What is being asked: If a line of the material holds the string "have", please copy it.

┌─ The data

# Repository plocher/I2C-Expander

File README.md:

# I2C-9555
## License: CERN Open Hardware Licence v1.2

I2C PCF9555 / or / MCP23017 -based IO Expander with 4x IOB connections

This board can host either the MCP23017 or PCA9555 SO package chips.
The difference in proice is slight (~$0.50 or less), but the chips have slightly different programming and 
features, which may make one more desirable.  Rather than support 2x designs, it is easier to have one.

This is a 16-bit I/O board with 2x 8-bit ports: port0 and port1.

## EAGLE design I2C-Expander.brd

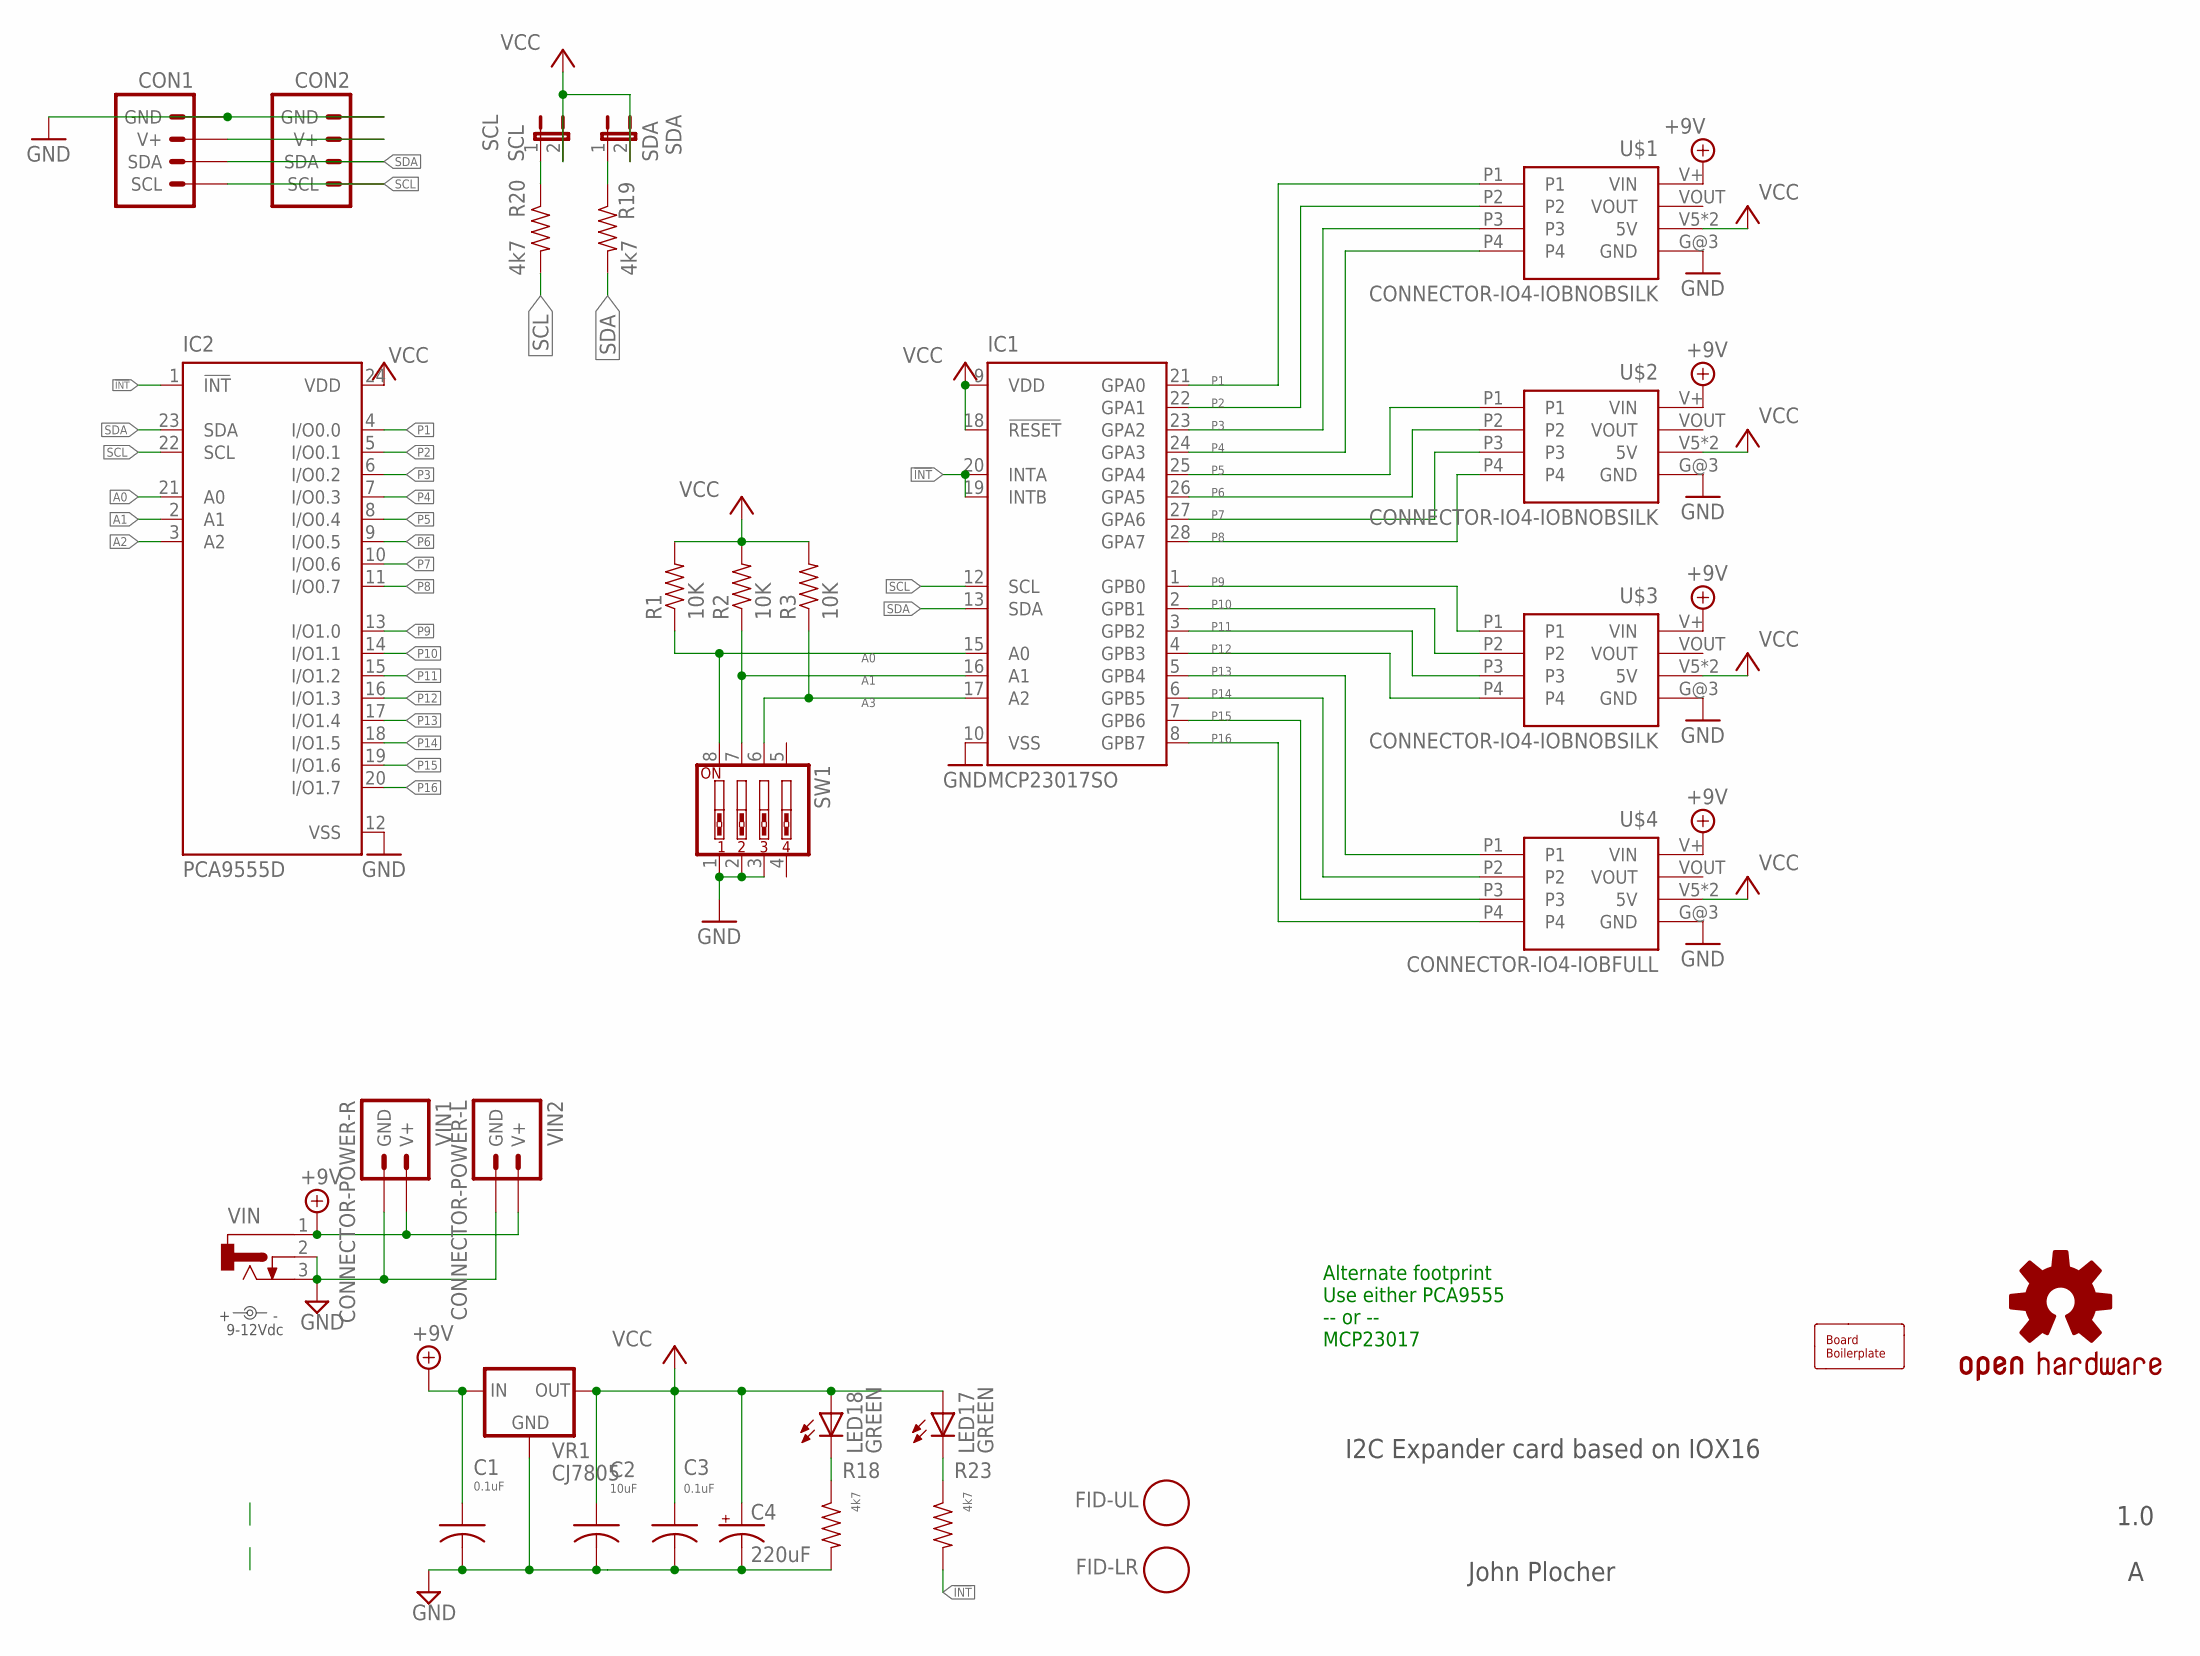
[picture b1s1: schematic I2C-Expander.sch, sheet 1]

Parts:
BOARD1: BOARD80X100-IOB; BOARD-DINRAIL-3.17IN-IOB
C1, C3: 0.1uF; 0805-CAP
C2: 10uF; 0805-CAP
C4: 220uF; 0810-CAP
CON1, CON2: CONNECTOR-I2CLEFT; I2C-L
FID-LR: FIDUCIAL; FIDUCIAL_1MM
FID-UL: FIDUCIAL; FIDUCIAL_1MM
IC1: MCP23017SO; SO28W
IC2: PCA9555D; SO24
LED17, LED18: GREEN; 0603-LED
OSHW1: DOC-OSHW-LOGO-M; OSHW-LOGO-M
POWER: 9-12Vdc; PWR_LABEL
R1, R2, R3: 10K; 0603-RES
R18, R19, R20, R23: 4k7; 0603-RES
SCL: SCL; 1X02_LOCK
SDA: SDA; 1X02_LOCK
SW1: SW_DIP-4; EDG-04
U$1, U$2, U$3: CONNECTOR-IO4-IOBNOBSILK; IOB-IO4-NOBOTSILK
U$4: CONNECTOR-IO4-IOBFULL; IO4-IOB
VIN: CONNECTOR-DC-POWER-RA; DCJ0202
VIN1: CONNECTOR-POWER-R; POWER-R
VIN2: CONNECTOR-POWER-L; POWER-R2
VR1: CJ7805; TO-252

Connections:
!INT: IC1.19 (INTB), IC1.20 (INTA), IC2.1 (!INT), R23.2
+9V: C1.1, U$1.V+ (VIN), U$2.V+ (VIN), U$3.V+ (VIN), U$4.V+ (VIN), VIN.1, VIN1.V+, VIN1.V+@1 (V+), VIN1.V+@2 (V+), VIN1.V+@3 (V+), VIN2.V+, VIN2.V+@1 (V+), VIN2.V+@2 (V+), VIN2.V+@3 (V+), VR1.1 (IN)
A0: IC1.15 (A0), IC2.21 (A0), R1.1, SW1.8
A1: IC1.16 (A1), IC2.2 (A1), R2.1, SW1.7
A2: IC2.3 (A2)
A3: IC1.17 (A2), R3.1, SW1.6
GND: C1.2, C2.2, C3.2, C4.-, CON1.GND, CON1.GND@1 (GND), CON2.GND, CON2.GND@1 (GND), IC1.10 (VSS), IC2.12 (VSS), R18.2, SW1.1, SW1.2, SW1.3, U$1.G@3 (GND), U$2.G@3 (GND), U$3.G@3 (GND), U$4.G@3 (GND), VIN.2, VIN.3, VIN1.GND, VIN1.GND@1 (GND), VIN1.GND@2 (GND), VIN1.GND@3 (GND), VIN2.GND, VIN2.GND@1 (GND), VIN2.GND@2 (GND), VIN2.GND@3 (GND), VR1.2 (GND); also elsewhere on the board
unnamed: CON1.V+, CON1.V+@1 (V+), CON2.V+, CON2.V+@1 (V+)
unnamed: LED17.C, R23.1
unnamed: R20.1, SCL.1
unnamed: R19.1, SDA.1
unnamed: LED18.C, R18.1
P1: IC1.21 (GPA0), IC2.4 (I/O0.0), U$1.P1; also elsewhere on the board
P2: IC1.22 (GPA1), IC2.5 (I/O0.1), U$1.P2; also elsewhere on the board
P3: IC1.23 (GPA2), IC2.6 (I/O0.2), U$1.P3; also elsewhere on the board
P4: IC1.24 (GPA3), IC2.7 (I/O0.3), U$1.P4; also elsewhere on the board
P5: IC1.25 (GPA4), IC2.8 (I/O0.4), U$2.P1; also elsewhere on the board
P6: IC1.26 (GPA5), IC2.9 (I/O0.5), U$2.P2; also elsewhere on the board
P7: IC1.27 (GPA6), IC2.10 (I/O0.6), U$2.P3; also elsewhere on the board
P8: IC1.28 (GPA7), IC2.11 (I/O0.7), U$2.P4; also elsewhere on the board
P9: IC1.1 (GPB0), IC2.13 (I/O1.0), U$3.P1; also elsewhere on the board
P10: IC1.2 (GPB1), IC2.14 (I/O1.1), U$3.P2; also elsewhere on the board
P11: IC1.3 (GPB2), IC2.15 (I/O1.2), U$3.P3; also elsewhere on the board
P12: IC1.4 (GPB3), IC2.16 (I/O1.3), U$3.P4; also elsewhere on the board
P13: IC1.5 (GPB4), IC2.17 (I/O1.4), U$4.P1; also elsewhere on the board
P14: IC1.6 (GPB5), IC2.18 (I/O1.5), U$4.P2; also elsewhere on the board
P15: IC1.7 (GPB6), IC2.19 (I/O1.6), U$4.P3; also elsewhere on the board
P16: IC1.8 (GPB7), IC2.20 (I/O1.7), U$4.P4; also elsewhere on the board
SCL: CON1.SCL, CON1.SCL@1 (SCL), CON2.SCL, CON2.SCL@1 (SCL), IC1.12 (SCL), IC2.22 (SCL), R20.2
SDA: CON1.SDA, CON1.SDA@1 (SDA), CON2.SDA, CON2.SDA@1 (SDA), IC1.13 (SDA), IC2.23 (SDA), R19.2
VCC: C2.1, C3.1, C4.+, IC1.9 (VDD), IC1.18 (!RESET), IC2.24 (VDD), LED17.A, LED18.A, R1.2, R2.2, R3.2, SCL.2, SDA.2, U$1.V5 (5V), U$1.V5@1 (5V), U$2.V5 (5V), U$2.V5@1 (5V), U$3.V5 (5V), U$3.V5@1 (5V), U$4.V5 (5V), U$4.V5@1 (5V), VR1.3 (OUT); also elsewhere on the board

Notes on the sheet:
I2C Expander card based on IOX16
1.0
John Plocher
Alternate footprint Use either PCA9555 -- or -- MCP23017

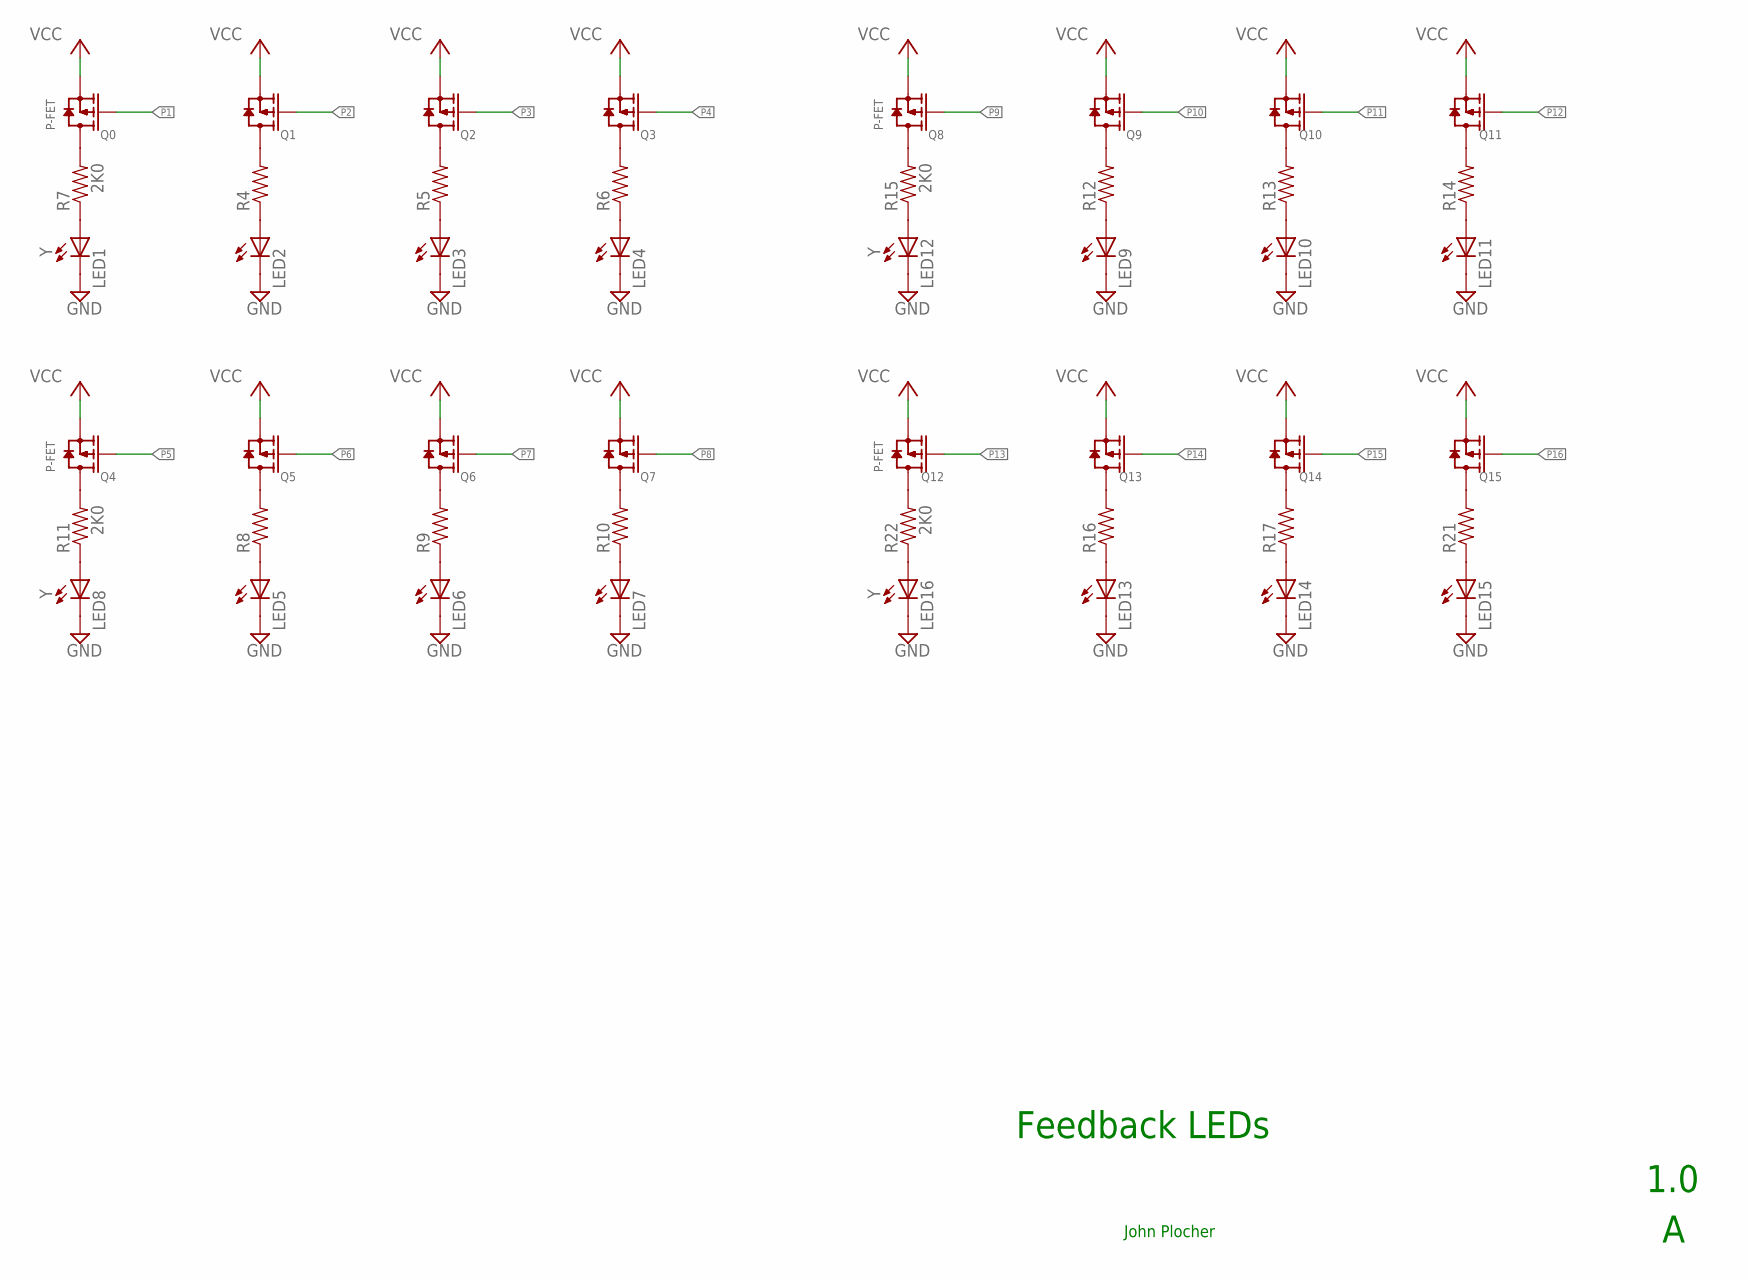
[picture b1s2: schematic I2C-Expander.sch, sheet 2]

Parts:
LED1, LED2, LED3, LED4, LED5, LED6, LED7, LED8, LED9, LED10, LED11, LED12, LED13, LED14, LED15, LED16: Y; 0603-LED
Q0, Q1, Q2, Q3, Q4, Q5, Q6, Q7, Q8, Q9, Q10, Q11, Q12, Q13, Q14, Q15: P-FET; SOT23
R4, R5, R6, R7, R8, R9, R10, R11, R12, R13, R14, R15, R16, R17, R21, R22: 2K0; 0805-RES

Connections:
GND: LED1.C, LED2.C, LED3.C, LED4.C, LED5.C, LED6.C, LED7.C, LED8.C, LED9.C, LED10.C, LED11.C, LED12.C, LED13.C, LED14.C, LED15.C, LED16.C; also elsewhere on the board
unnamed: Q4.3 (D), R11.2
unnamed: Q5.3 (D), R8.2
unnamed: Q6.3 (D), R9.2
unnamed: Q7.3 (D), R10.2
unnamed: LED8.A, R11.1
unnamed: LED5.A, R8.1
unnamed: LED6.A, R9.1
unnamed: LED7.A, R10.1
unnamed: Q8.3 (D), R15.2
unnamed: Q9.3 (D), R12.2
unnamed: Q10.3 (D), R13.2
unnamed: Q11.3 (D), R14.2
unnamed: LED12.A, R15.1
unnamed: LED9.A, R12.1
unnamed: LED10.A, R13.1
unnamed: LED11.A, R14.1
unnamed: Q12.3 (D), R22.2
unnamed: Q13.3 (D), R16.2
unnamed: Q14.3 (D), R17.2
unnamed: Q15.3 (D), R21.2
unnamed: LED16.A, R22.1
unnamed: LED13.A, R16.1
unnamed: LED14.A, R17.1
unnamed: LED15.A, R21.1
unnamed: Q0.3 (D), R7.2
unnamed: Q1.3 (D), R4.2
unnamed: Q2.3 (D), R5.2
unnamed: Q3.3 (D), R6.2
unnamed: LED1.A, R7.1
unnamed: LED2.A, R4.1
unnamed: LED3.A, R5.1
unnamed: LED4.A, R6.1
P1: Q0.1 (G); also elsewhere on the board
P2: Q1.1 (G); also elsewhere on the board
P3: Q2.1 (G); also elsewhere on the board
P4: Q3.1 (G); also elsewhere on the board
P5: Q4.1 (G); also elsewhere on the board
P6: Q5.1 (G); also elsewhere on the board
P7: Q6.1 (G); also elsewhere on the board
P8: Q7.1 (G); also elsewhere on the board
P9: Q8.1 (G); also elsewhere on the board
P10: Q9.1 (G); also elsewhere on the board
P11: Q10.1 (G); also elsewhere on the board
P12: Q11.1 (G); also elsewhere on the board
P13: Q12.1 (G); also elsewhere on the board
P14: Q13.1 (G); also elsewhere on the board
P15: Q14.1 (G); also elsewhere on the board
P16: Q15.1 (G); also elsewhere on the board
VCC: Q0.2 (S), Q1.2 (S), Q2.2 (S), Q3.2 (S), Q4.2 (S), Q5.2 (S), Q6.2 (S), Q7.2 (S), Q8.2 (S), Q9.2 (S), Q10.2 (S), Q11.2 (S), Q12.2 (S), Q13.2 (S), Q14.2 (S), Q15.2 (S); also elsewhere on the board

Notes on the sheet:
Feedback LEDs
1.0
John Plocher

└─

Result of this task:
The difference in proice is slight (~$0.50 or less), but the chips have slightly different programming and 
features, which may make one more desirable.  Rather than support 2x designs, it is easier to have one.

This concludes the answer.